How Will You Get Medical Marijuana In Ohio?

Jacob Redmond

Well-Known Member
Question: How would you get medical marijuana if Ohio voters pass Issue 3?

Answer: The proposed Marijuana Legalization Amendment would establish a special regimen to offer marijuana for medical use. Details of its operation are left to the Marijuana Control Commission, the regulatory body that Issue 3 would create.

But In General: If you are a patient with a “debilitating medical condition,” you may ask your doctor for certification that allows you to obtain medical marijuana.

Q: What’s a “debilitating medical condition”?

A: The amendment leaves the term for the commission to define. In the 26 states that permit medical marijuana, people can get the drug to treat illnesses such as cancer, Crohn’s disease and epilepsy. Most states also use an umbrella term of “chronic pain” for disorders not specifically listed.

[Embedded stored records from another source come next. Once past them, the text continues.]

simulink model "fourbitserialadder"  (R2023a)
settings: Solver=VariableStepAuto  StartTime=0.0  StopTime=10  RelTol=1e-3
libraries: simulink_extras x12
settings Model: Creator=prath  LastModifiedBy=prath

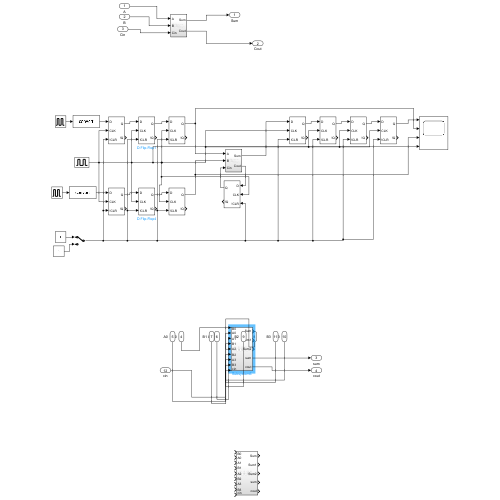
[thumbnail: Simulink's stored preview of the top-level diagram]
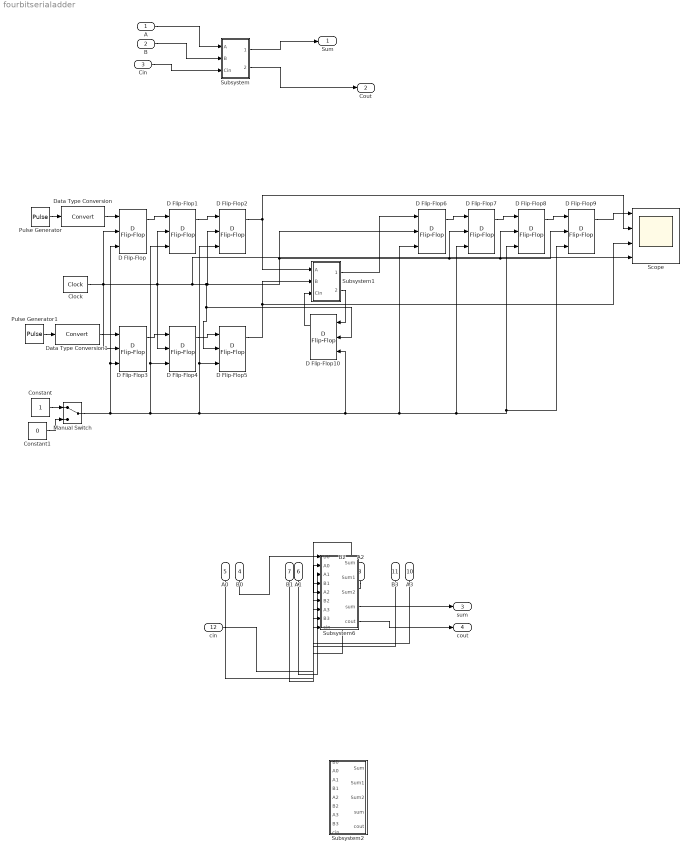
== system fourbitserialadder ==
  A : Inport
  B : Inport  Port=2
  Cin : Inport  Port=3
  B0 : Inport  Port=4
  A0 : Inport  Port=5
  A1 : Inport  Port=6
  B1 : Inport  Port=7
  A2 : Inport  Port=8
  B2 : Inport  Port=9
  A3 : Inport  Port=10
  B3 : Inport  Port=11
  cin : Inport  Port=12
  Clock : simulink_extras/Flip Flops/Clock  period=0.5
  Constant : Constant
  Constant1 : Constant  Value=0
  D Flip-Flop{,1..10} (11 alike) : simulink_extras/Flip Flops/D Flip-Flop
  Data Type Conversion : DataTypeConversion  SaturateOnIntegerOverflow=off  RndMeth=Floor
  Data Type Conversion1 : DataTypeConversion  SaturateOnIntegerOverflow=off  RndMeth=Floor
  Manual Switch : ManualSwitch
  Pulse Generator : DiscretePulseGenerator  PulseType=Time based  PulseWidth=50
  Pulse Generator1 : DiscretePulseGenerator  PulseType=Time based  Period=1  PulseWidth=50
  Scope : Scope  NumInputPorts=4
  Subsystem : Subsystem
  Subsystem1 : Subsystem
  Subsystem2 : Subsystem
  Subsystem6 : Subsystem
  Sum : Outport
  Cout : Outport  Port=2
  sum : Outport  Port=3
  cout : Outport  Port=4
  wires:
  A/1 -> Subsystem/1(A)
  B/1 -> Subsystem/2(B)
  Cin/1 -> Subsystem/3(Cin)
  Subsystem/1(Sum) -> Sum/1
  Subsystem/2(Cout) -> Cout/1
  D Flip-Flop/1 -> D Flip-Flop1/1
  D Flip-Flop1/1 -> D Flip-Flop2/1
  D Flip-Flop3/1 -> D Flip-Flop4/1
  D Flip-Flop4/1 -> D Flip-Flop5/1
  Subsystem1/2(Cout) -> D Flip-Flop10/1
  D Flip-Flop10/1 -> Subsystem1/3(Cin)
  Subsystem1/1(Sum) -> D Flip-Flop6/1
  D Flip-Flop6/1 -> D Flip-Flop7/1
  D Flip-Flop7/1 -> D Flip-Flop8/1
  D Flip-Flop8/1 -> D Flip-Flop9/1
  Clock/1 -> D Flip-Flop3/2, D Flip-Flop4/2, Scope/4, D Flip-Flop9/2, D Flip-Flop8/2, D Flip-Flop7/2, D Flip-Flop6/2, D Flip-Flop2/2, D Flip-Flop10/2, D Flip-Flop5/2, D Flip-Flop1/2, D Flip-Flop/2
  Pulse Generator/1 -> Data Type Conversion/1
  Data Type Conversion/1 -> D Flip-Flop/1
  Pulse Generator1/1 -> Data Type Conversion1/1
  Data Type Conversion1/1 -> D Flip-Flop3/1
  Constant/1 -> Manual Switch/1
  Constant1/1 -> Manual Switch/2
  Manual Switch/1 -> D Flip-Flop3/3, D Flip-Flop/3, D Flip-Flop4/3, D Flip-Flop1/3, D Flip-Flop10/3, D Flip-Flop9/3, D Flip-Flop8/3, D Flip-Flop7/3, D Flip-Flop6/3, D Flip-Flop5/3, D Flip-Flop2/3
  D Flip-Flop2/1 -> Subsystem1/1(A), Scope/2
  D Flip-Flop5/1 -> Scope/3, Subsystem1/2(B)
  D Flip-Flop9/1 -> Scope/1
  B0/1 -> Subsystem6/1(B0)
  A0/1 -> Subsystem6/2(A0)
  A1/1 -> Subsystem6/3(A1)
  B1/1 -> Subsystem6/4(B1)
  A2/1 -> Subsystem6/5(A2)
  B2/1 -> Subsystem6/6(B2)
  A3/1 -> Subsystem6/7(A3)
  B3/1 -> Subsystem6/8(B3)
  cin/1 -> Subsystem6/9(cin)
  Subsystem6/4(sum) -> sum/1
  Subsystem6/5(cout) -> cout/1

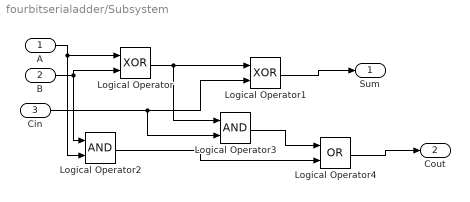
== system fourbitserialadder/Subsystem ==
  A : Inport
  B : Inport  Port=2
  Cin : Inport  Port=3
  Logical Operator : Logic  Operator=XOR  AllPortsSameDT=off  OutDataTypeStr=boolean
  Logical Operator1 : Logic  Operator=XOR  AllPortsSameDT=off  OutDataTypeStr=boolean
  Logical Operator2 : Logic  AllPortsSameDT=off  OutDataTypeStr=boolean
  Logical Operator3 : Logic  AllPortsSameDT=off  OutDataTypeStr=boolean
  Logical Operator4 : Logic  Operator=OR  AllPortsSameDT=off  OutDataTypeStr=boolean
  Sum : Outport
  Cout : Outport  Port=2
  wires:
  B/1 -> Logical Operator/2, Logical Operator2/1
  Cin/1 -> Logical Operator3/2, Logical Operator1/2
  Logical Operator3/1 -> Logical Operator4/1
  Logical Operator2/1 -> Logical Operator4/2
  A/1 -> Logical Operator/1, Logical Operator2/2
  Logical Operator/1 -> Logical Operator3/1, Logical Operator1/1
  Logical Operator1/1 -> Sum/1
  Logical Operator4/1 -> Cout/1

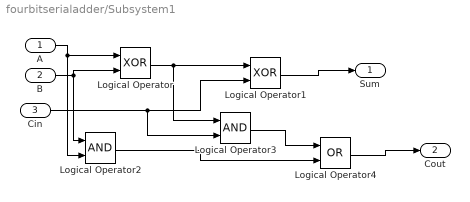
== system fourbitserialadder/Subsystem1 ==
  A : Inport
  B : Inport  Port=2
  Cin : Inport  Port=3
  Logical Operator : Logic  Operator=XOR  AllPortsSameDT=off  OutDataTypeStr=boolean
  Logical Operator1 : Logic  Operator=XOR  AllPortsSameDT=off  OutDataTypeStr=boolean
  Logical Operator2 : Logic  AllPortsSameDT=off  OutDataTypeStr=boolean
  Logical Operator3 : Logic  AllPortsSameDT=off  OutDataTypeStr=boolean
  Logical Operator4 : Logic  Operator=OR  AllPortsSameDT=off  OutDataTypeStr=boolean
  Sum : Outport
  Cout : Outport  Port=2
  wires:
  B/1 -> Logical Operator/2, Logical Operator2/1
  Cin/1 -> Logical Operator3/2, Logical Operator1/2
  Logical Operator3/1 -> Logical Operator4/1
  Logical Operator2/1 -> Logical Operator4/2
  A/1 -> Logical Operator/1, Logical Operator2/2
  Logical Operator/1 -> Logical Operator3/1, Logical Operator1/1
  Logical Operator1/1 -> Sum/1
  Logical Operator4/1 -> Cout/1

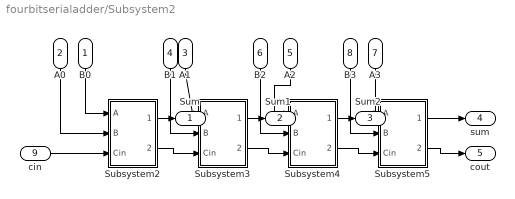
== system fourbitserialadder/Subsystem2 ==
  B0 : Inport
  A0 : Inport  Port=2
  A1 : Inport  Port=3
  B1 : Inport  Port=4
  A2 : Inport  Port=5
  B2 : Inport  Port=6
  A3 : Inport  Port=7
  B3 : Inport  Port=8
  cin : Inport  Port=9
  Subsystem2 : Subsystem
  Subsystem3 : Subsystem
  Subsystem4 : Subsystem
  Subsystem5 : Subsystem
  Sum : Outport
  Sum1 : Outport  Port=2
  Sum2 : Outport  Port=3
  sum : Outport  Port=4
  cout : Outport  Port=5
  wires:
  B0/1 -> Subsystem2/1(A)
  A2/1 -> Subsystem4/1(A)
  Subsystem2/1(Sum) -> Sum/1
  A3/1 -> Subsystem5/1(A)
  Subsystem4/1(Sum) -> Sum2/1
  cin/1 -> Subsystem2/3(Cin)
  B1/1 -> Subsystem3/2(B)
  Subsystem5/1(Sum) -> sum/1
  B2/1 -> Subsystem4/2(B)
  Subsystem5/2(Cout) -> cout/1
  B3/1 -> Subsystem5/2(B)
  Subsystem2/2(Cout) -> Subsystem3/3(Cin)
  Subsystem3/2(Cout) -> Subsystem4/3(Cin)
  Subsystem4/2(Cout) -> Subsystem5/3(Cin)
  A1/1 -> Subsystem3/1(A)
  A0/1 -> Subsystem2/2(B)
  Subsystem3/1(Sum) -> Sum1/1

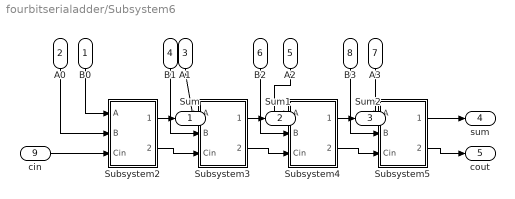
== system fourbitserialadder/Subsystem6 ==
  B0 : Inport
  A0 : Inport  Port=2
  A1 : Inport  Port=3
  B1 : Inport  Port=4
  A2 : Inport  Port=5
  B2 : Inport  Port=6
  A3 : Inport  Port=7
  B3 : Inport  Port=8
  cin : Inport  Port=9
  Subsystem2 : Subsystem
  Subsystem3 : Subsystem
  Subsystem4 : Subsystem
  Subsystem5 : Subsystem
  Sum : Outport
  Sum1 : Outport  Port=2
  Sum2 : Outport  Port=3
  sum : Outport  Port=4
  cout : Outport  Port=5
  wires:
  B0/1 -> Subsystem2/1(A)
  A2/1 -> Subsystem4/1(A)
  Subsystem2/1(Sum) -> Sum/1
  A3/1 -> Subsystem5/1(A)
  Subsystem4/1(Sum) -> Sum2/1
  cin/1 -> Subsystem2/3(Cin)
  B1/1 -> Subsystem3/2(B)
  Subsystem5/1(Sum) -> sum/1
  B2/1 -> Subsystem4/2(B)
  Subsystem5/2(Cout) -> cout/1
  B3/1 -> Subsystem5/2(B)
  Subsystem2/2(Cout) -> Subsystem3/3(Cin)
  Subsystem3/2(Cout) -> Subsystem4/3(Cin)
  Subsystem4/2(Cout) -> Subsystem5/3(Cin)
  A1/1 -> Subsystem3/1(A)
  A0/1 -> Subsystem2/2(B)
  Subsystem3/1(Sum) -> Sum1/1

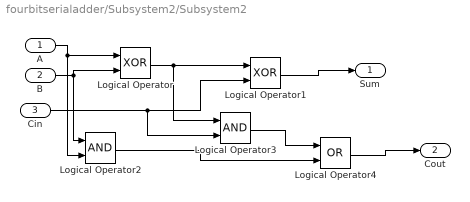
== system fourbitserialadder/Subsystem2/Subsystem2 ==
  A : Inport
  B : Inport  Port=2
  Cin : Inport  Port=3
  Logical Operator : Logic  Operator=XOR  AllPortsSameDT=off  OutDataTypeStr=boolean
  Logical Operator1 : Logic  Operator=XOR  AllPortsSameDT=off  OutDataTypeStr=boolean
  Logical Operator2 : Logic  AllPortsSameDT=off  OutDataTypeStr=boolean
  Logical Operator3 : Logic  AllPortsSameDT=off  OutDataTypeStr=boolean
  Logical Operator4 : Logic  Operator=OR  AllPortsSameDT=off  OutDataTypeStr=boolean
  Sum : Outport
  Cout : Outport  Port=2
  wires:
  B/1 -> Logical Operator/2, Logical Operator2/1
  Cin/1 -> Logical Operator3/2, Logical Operator1/2
  Logical Operator3/1 -> Logical Operator4/1
  Logical Operator2/1 -> Logical Operator4/2
  A/1 -> Logical Operator/1, Logical Operator2/2
  Logical Operator/1 -> Logical Operator3/1, Logical Operator1/1
  Logical Operator1/1 -> Sum/1
  Logical Operator4/1 -> Cout/1

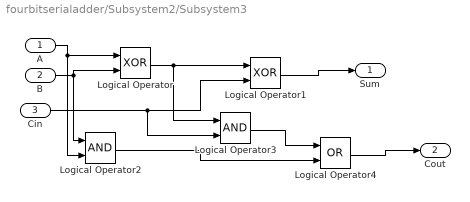
== system fourbitserialadder/Subsystem2/Subsystem3 ==
  A : Inport
  B : Inport  Port=2
  Cin : Inport  Port=3
  Logical Operator : Logic  Operator=XOR  AllPortsSameDT=off  OutDataTypeStr=boolean
  Logical Operator1 : Logic  Operator=XOR  AllPortsSameDT=off  OutDataTypeStr=boolean
  Logical Operator2 : Logic  AllPortsSameDT=off  OutDataTypeStr=boolean
  Logical Operator3 : Logic  AllPortsSameDT=off  OutDataTypeStr=boolean
  Logical Operator4 : Logic  Operator=OR  AllPortsSameDT=off  OutDataTypeStr=boolean
  Sum : Outport
  Cout : Outport  Port=2
  wires:
  B/1 -> Logical Operator/2, Logical Operator2/1
  Cin/1 -> Logical Operator3/2, Logical Operator1/2
  Logical Operator3/1 -> Logical Operator4/1
  Logical Operator2/1 -> Logical Operator4/2
  A/1 -> Logical Operator/1, Logical Operator2/2
  Logical Operator/1 -> Logical Operator3/1, Logical Operator1/1
  Logical Operator1/1 -> Sum/1
  Logical Operator4/1 -> Cout/1

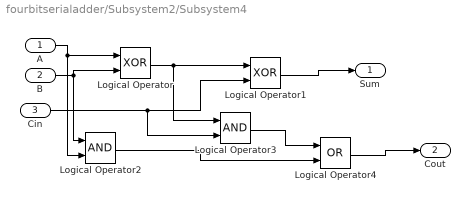
== system fourbitserialadder/Subsystem2/Subsystem4 ==
  A : Inport
  B : Inport  Port=2
  Cin : Inport  Port=3
  Logical Operator : Logic  Operator=XOR  AllPortsSameDT=off  OutDataTypeStr=boolean
  Logical Operator1 : Logic  Operator=XOR  AllPortsSameDT=off  OutDataTypeStr=boolean
  Logical Operator2 : Logic  AllPortsSameDT=off  OutDataTypeStr=boolean
  Logical Operator3 : Logic  AllPortsSameDT=off  OutDataTypeStr=boolean
  Logical Operator4 : Logic  Operator=OR  AllPortsSameDT=off  OutDataTypeStr=boolean
  Sum : Outport
  Cout : Outport  Port=2
  wires:
  B/1 -> Logical Operator/2, Logical Operator2/1
  Cin/1 -> Logical Operator3/2, Logical Operator1/2
  Logical Operator3/1 -> Logical Operator4/1
  Logical Operator2/1 -> Logical Operator4/2
  A/1 -> Logical Operator/1, Logical Operator2/2
  Logical Operator/1 -> Logical Operator3/1, Logical Operator1/1
  Logical Operator1/1 -> Sum/1
  Logical Operator4/1 -> Cout/1

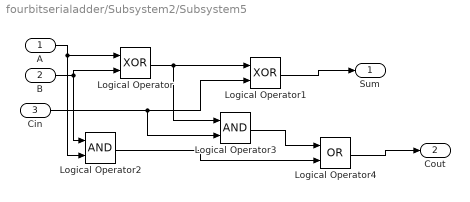
== system fourbitserialadder/Subsystem2/Subsystem5 ==
  A : Inport
  B : Inport  Port=2
  Cin : Inport  Port=3
  Logical Operator : Logic  Operator=XOR  AllPortsSameDT=off  OutDataTypeStr=boolean
  Logical Operator1 : Logic  Operator=XOR  AllPortsSameDT=off  OutDataTypeStr=boolean
  Logical Operator2 : Logic  AllPortsSameDT=off  OutDataTypeStr=boolean
  Logical Operator3 : Logic  AllPortsSameDT=off  OutDataTypeStr=boolean
  Logical Operator4 : Logic  Operator=OR  AllPortsSameDT=off  OutDataTypeStr=boolean
  Sum : Outport
  Cout : Outport  Port=2
  wires:
  B/1 -> Logical Operator/2, Logical Operator2/1
  Cin/1 -> Logical Operator3/2, Logical Operator1/2
  Logical Operator3/1 -> Logical Operator4/1
  Logical Operator2/1 -> Logical Operator4/2
  A/1 -> Logical Operator/1, Logical Operator2/2
  Logical Operator/1 -> Logical Operator3/1, Logical Operator1/1
  Logical Operator1/1 -> Sum/1
  Logical Operator4/1 -> Cout/1

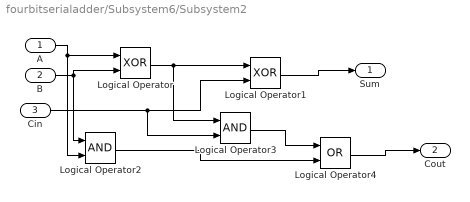
== system fourbitserialadder/Subsystem6/Subsystem2 ==
  A : Inport
  B : Inport  Port=2
  Cin : Inport  Port=3
  Logical Operator : Logic  Operator=XOR  AllPortsSameDT=off  OutDataTypeStr=boolean
  Logical Operator1 : Logic  Operator=XOR  AllPortsSameDT=off  OutDataTypeStr=boolean
  Logical Operator2 : Logic  AllPortsSameDT=off  OutDataTypeStr=boolean
  Logical Operator3 : Logic  AllPortsSameDT=off  OutDataTypeStr=boolean
  Logical Operator4 : Logic  Operator=OR  AllPortsSameDT=off  OutDataTypeStr=boolean
  Sum : Outport
  Cout : Outport  Port=2
  wires:
  B/1 -> Logical Operator/2, Logical Operator2/1
  Cin/1 -> Logical Operator3/2, Logical Operator1/2
  Logical Operator3/1 -> Logical Operator4/1
  Logical Operator2/1 -> Logical Operator4/2
  A/1 -> Logical Operator/1, Logical Operator2/2
  Logical Operator/1 -> Logical Operator3/1, Logical Operator1/1
  Logical Operator1/1 -> Sum/1
  Logical Operator4/1 -> Cout/1

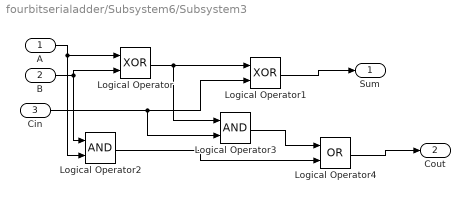
== system fourbitserialadder/Subsystem6/Subsystem3 ==
  A : Inport
  B : Inport  Port=2
  Cin : Inport  Port=3
  Logical Operator : Logic  Operator=XOR  AllPortsSameDT=off  OutDataTypeStr=boolean
  Logical Operator1 : Logic  Operator=XOR  AllPortsSameDT=off  OutDataTypeStr=boolean
  Logical Operator2 : Logic  AllPortsSameDT=off  OutDataTypeStr=boolean
  Logical Operator3 : Logic  AllPortsSameDT=off  OutDataTypeStr=boolean
  Logical Operator4 : Logic  Operator=OR  AllPortsSameDT=off  OutDataTypeStr=boolean
  Sum : Outport
  Cout : Outport  Port=2
  wires:
  B/1 -> Logical Operator/2, Logical Operator2/1
  Cin/1 -> Logical Operator3/2, Logical Operator1/2
  Logical Operator3/1 -> Logical Operator4/1
  Logical Operator2/1 -> Logical Operator4/2
  A/1 -> Logical Operator/1, Logical Operator2/2
  Logical Operator/1 -> Logical Operator3/1, Logical Operator1/1
  Logical Operator1/1 -> Sum/1
  Logical Operator4/1 -> Cout/1

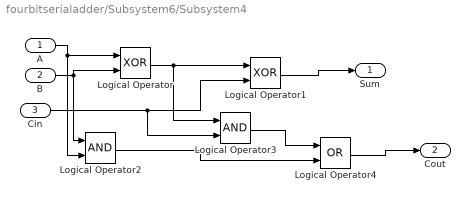
== system fourbitserialadder/Subsystem6/Subsystem4 ==
  A : Inport
  B : Inport  Port=2
  Cin : Inport  Port=3
  Logical Operator : Logic  Operator=XOR  AllPortsSameDT=off  OutDataTypeStr=boolean
  Logical Operator1 : Logic  Operator=XOR  AllPortsSameDT=off  OutDataTypeStr=boolean
  Logical Operator2 : Logic  AllPortsSameDT=off  OutDataTypeStr=boolean
  Logical Operator3 : Logic  AllPortsSameDT=off  OutDataTypeStr=boolean
  Logical Operator4 : Logic  Operator=OR  AllPortsSameDT=off  OutDataTypeStr=boolean
  Sum : Outport
  Cout : Outport  Port=2
  wires:
  B/1 -> Logical Operator/2, Logical Operator2/1
  Cin/1 -> Logical Operator3/2, Logical Operator1/2
  Logical Operator3/1 -> Logical Operator4/1
  Logical Operator2/1 -> Logical Operator4/2
  A/1 -> Logical Operator/1, Logical Operator2/2
  Logical Operator/1 -> Logical Operator3/1, Logical Operator1/1
  Logical Operator1/1 -> Sum/1
  Logical Operator4/1 -> Cout/1

== system fourbitserialadder/Subsystem6/Subsystem5 ==
  A : Inport
  B : Inport  Port=2
  Cin : Inport  Port=3
  Logical Operator : Logic  Operator=XOR  AllPortsSameDT=off  OutDataTypeStr=boolean
  Logical Operator1 : Logic  Operator=XOR  AllPortsSameDT=off  OutDataTypeStr=boolean
  Logical Operator2 : Logic  AllPortsSameDT=off  OutDataTypeStr=boolean
  Logical Operator3 : Logic  AllPortsSameDT=off  OutDataTypeStr=boolean
  Logical Operator4 : Logic  Operator=OR  AllPortsSameDT=off  OutDataTypeStr=boolean
  Sum : Outport
  Cout : Outport  Port=2
  wires:
  B/1 -> Logical Operator/2, Logical Operator2/1
  Cin/1 -> Logical Operator3/2, Logical Operator1/2
  Logical Operator3/1 -> Logical Operator4/1
  Logical Operator2/1 -> Logical Operator4/2
  A/1 -> Logical Operator/1, Logical Operator2/2
  Logical Operator/1 -> Logical Operator3/1, Logical Operator1/1
  Logical Operator1/1 -> Sum/1
  Logical Operator4/1 -> Cout/1
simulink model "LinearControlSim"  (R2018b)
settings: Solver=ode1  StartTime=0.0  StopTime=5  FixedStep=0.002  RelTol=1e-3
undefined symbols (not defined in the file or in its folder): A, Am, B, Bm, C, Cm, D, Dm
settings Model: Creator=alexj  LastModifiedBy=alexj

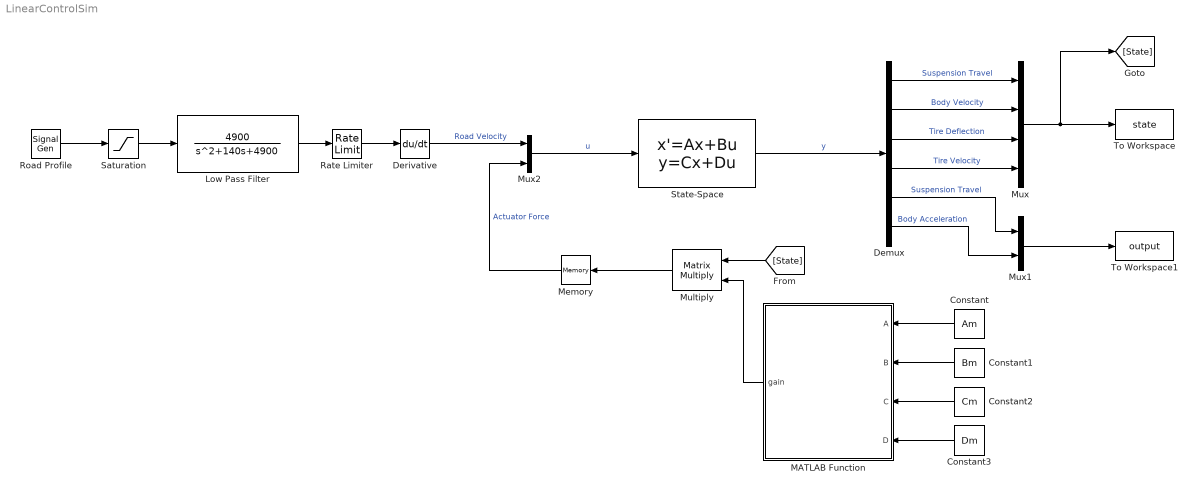
== system LinearControlSim ==
  Constant : Constant  Value=Am
  Constant1 : Constant  Value=Bm
  Constant2 : Constant  Value=Cm
  Constant3 : Constant  Value=Dm
  Demux : Demux  Outputs=6
  Derivative : Derivative
  "Low Pass Filter " : TransferFcn  Numerator=[4900]  Denominator=[1 140 4900]
  MATLAB Function : MATLAB Function  TreatAsAtomicUnit=on
  Memory : Memory
  Multiply : Product  Multiplication=Matrix(*)
  Mux : Mux
  Mux1 : Mux  Inputs=2
  Mux2 : Mux  Inputs=2
  Rate Limiter : RateLimiter  RisingSlewLimit=0.2  FallingSlewLimit=-0.2  SampleTimeMode=inherited
  "Road Profile " : SignalGenerator  WaveForm=square  Amplitude=0.01  Frequency=0.3
  Saturation : Saturate  UpperLimit=1  LowerLimit=-1
  State-Space : StateSpace  A=A  B=B  C=[eye(4);C]  D=[zeros(4,2);D]  InitialCondition=0
  To Workspace : ToWorkspace  VariableName=state  SaveFormat=Timeseries  SampleTime=-1
  To Workspace1 : ToWorkspace  VariableName=output  SaveFormat=Timeseries  SampleTime=-1
  wires:
  Mux2/1 -> State-Space/1  "u"
  State-Space/1 -> Demux/1  "y"
  MATLAB Function/1(gain) -> Multiply/2
  Constant/1 -> MATLAB Function/1(A)
  Constant2/1 -> MATLAB Function/3(C)
  Constant3/1 -> MATLAB Function/4(D)
  Constant1/1 -> MATLAB Function/2(B)
  Demux/1 -> Mux/1  "Suspension Travel"
  Demux/2 -> Mux/2  "Body Velocity"
  Demux/3 -> Mux/3  "Tire Deflection"
  Demux/4 -> Mux/4  "Tire Velocity"
  Demux/6 -> Mux1/2  "Body Acceleration"
  Demux/5 -> Mux1/1  "Suspension Travel"
  Mux/1 -> [State], To Workspace/1
  Mux1/1 -> To Workspace1/1
  "Road Profile "/1 -> Saturation/1
  Saturation/1 -> "Low Pass Filter "/1
  "Low Pass Filter "/1 -> Rate Limiter/1
  Multiply/1 -> Memory/1
  Memory/1 -> Mux2/2  "Actuator Force"
  Rate Limiter/1 -> Derivative/1
  Derivative/1 -> Mux2/1  "Road Velocity"
  [State] -> Multiply/1

== matlab function LinearControlSim/MATLAB Function ==
  data: A input; gain output; B input; C input; D input
function gain = feedbackGain(A, B, C, D)

gain = 0*[1 1 1 1]';

The Ohio amendment sets limits on medical certification, to guard against the creation of pot-doctor mills like those that proliferated in California. First, a patient must have a “bona fide” relationship with a doctor. The doctor must determine the potential benefit of medical marijuana offsets the risk, and the doctor must explain that tradeoff to the patient.

A minor with a qualifying illness must have the consent of a parent or guardian to obtain the doctor’s certification and medical marijuana.

The state of Ohio must regulate doctors and medical marijuana the way it regulates their prescribing of any other drug. The state can’t go after a doctor for talking about medical marijuana with patients or for legally issuing certifications.

Q: Where to buy it?

A: The amendment envisions not-for-profit dispensaries of medical marijuana, which would be separate operations from the for-profit retail stores offering marijuana for recreational use. The commission would write regulations on how many dispensaries would open and where.

From its own budget, the commission “may” fund dispensaries’ “reasonable and necessary operating costs,” and it may establish a program for low-income patients to get low-cost medical marijuana. Details on those features are yet to come.

Medical marijuana would have to come from the 10 farms that would grow the commercial crop, tested by a licensed laboratory and processed by a licensed production facility. This language concerns patient organizations such as Ohio Families CANN, a group of parents with sick children pushing for access to medical marijuana.

Officials with Ohio Families CANN have told me they’re worried that the farms won’t be able to produce enough medicine and growers would lean more toward satisfying the recreational market. One farm owner, Dr. Suresh Gupta of Dayton, has said his grow site in Licking County will be dedicated to medical-marijuana strains. And licensed home growers could give away their excess marijuana to medical patients.

Q: Who pays?

A: Your use of medical marijuana comes out of your own pocket. Issue 3 says you can’t bill your health insurer, Medicaid or Medicare for the costs of medical marijuana.